Material shown Block Start

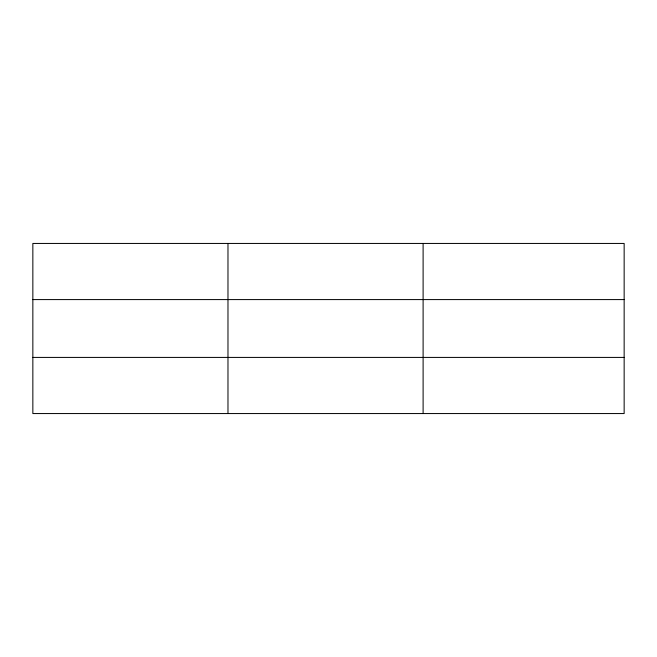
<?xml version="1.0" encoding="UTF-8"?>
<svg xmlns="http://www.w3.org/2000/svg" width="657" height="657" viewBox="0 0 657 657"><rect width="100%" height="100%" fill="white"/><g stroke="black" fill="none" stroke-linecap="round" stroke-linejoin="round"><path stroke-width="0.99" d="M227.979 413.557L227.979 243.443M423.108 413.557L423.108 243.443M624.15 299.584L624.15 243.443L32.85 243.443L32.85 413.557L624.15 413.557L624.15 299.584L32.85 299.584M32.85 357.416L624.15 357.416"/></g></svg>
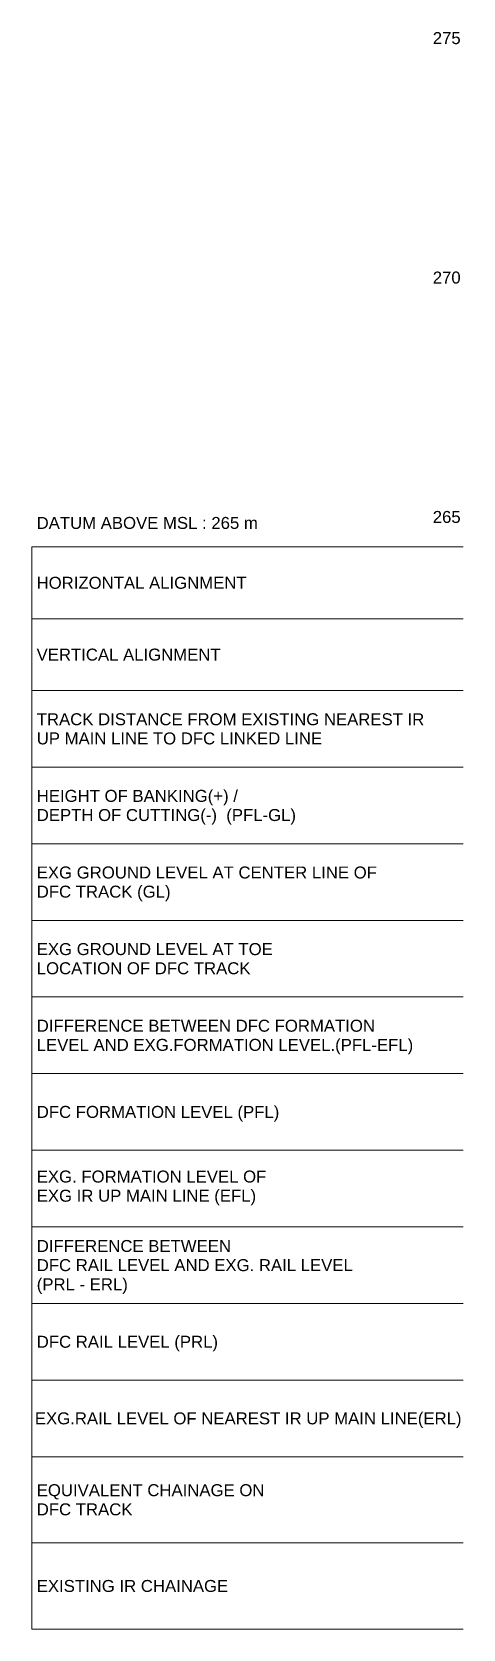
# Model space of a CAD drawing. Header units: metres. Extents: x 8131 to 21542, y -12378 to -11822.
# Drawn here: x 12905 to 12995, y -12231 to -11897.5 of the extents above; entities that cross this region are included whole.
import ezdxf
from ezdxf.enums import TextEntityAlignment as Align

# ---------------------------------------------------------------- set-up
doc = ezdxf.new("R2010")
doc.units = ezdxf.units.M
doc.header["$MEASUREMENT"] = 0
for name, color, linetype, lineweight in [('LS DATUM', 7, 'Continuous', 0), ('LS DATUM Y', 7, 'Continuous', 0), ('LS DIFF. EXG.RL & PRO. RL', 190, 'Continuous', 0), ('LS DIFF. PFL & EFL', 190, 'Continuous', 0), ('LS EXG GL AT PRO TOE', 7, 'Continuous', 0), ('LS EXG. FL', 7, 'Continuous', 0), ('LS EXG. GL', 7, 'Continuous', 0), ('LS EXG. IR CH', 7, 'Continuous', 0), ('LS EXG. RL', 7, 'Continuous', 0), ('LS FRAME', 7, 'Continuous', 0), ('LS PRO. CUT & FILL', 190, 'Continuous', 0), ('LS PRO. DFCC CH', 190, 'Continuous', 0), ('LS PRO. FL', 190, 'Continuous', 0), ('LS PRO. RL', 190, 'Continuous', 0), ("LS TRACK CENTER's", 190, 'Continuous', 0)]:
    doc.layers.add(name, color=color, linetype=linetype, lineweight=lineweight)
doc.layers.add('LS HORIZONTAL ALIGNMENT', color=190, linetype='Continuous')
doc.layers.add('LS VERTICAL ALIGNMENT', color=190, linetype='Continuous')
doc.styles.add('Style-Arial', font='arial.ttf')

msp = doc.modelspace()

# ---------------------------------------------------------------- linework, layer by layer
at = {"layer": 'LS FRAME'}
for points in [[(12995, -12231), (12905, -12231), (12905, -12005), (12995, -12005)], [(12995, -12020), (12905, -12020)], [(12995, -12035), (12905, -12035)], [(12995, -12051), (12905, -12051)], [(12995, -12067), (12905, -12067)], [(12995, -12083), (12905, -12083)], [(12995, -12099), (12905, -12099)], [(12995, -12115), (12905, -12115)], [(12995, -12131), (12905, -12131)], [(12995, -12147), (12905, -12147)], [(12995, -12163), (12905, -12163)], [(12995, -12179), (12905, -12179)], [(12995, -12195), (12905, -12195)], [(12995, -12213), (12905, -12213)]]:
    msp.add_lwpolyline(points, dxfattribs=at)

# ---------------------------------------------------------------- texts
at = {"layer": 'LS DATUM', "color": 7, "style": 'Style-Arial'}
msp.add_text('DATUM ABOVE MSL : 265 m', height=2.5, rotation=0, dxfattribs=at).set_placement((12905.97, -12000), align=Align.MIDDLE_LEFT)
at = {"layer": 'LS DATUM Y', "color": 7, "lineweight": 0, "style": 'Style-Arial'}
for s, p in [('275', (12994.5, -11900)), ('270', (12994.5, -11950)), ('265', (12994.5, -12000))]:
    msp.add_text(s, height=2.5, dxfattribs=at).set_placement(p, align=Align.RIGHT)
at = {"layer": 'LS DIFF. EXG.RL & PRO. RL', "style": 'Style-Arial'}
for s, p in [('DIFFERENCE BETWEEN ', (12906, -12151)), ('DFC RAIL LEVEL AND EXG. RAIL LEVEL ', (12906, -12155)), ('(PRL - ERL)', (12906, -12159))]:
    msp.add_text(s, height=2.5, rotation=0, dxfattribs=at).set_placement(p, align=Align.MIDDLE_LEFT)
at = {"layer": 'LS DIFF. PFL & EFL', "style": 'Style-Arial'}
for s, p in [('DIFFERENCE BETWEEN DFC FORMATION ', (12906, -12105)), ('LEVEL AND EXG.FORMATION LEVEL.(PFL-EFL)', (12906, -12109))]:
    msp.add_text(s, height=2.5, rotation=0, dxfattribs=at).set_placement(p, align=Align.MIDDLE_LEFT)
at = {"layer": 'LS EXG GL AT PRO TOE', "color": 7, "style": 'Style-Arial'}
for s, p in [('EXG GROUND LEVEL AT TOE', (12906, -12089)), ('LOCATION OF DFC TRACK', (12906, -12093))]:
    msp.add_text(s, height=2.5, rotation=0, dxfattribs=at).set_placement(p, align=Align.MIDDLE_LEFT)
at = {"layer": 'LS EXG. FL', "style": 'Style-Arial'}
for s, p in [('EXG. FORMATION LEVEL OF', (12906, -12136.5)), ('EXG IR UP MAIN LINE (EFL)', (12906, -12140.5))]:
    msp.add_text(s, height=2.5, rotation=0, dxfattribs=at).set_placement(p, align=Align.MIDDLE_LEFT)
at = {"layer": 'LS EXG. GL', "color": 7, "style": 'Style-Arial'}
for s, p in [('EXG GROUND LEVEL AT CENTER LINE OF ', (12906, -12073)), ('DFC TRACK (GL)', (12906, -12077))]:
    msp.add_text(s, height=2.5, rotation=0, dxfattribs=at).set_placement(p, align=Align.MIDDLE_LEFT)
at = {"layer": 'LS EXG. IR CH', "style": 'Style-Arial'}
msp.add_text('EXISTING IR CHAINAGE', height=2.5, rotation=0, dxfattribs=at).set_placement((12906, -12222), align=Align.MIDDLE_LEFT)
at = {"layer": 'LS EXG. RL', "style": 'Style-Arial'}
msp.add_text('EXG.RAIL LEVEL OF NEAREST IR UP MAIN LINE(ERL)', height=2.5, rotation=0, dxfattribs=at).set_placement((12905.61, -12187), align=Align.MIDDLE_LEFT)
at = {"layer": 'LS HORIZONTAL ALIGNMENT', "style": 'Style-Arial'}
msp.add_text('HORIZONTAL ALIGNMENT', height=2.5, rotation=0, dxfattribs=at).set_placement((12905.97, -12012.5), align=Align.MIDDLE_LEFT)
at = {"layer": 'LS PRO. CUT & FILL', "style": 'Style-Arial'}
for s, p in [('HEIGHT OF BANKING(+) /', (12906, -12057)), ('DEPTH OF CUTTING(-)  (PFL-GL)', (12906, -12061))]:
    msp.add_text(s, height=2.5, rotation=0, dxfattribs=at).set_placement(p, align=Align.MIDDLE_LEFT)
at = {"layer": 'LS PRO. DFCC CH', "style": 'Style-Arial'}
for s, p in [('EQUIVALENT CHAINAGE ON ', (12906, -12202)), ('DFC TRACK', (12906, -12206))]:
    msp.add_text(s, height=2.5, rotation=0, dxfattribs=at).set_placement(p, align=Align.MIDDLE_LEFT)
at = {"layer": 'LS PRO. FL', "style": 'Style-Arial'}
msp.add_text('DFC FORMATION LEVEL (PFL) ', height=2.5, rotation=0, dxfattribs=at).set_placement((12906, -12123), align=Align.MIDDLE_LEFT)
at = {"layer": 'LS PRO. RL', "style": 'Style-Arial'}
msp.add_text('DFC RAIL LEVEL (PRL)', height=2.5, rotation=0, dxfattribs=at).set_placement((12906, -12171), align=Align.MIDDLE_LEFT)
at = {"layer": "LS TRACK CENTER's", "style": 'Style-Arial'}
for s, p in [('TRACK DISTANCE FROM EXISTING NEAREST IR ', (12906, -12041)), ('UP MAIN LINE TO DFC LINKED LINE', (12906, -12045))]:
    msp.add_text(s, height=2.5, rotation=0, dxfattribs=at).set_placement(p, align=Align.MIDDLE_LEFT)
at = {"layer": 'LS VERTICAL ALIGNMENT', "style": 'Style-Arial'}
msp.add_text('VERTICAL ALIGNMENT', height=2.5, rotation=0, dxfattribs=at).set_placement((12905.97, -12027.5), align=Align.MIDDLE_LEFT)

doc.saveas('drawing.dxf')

Material shown Block End

Exercise brief
For every line of the entries holding the string "GROUND", add one to a tally; give the final figure only.

Reply to the exercise
2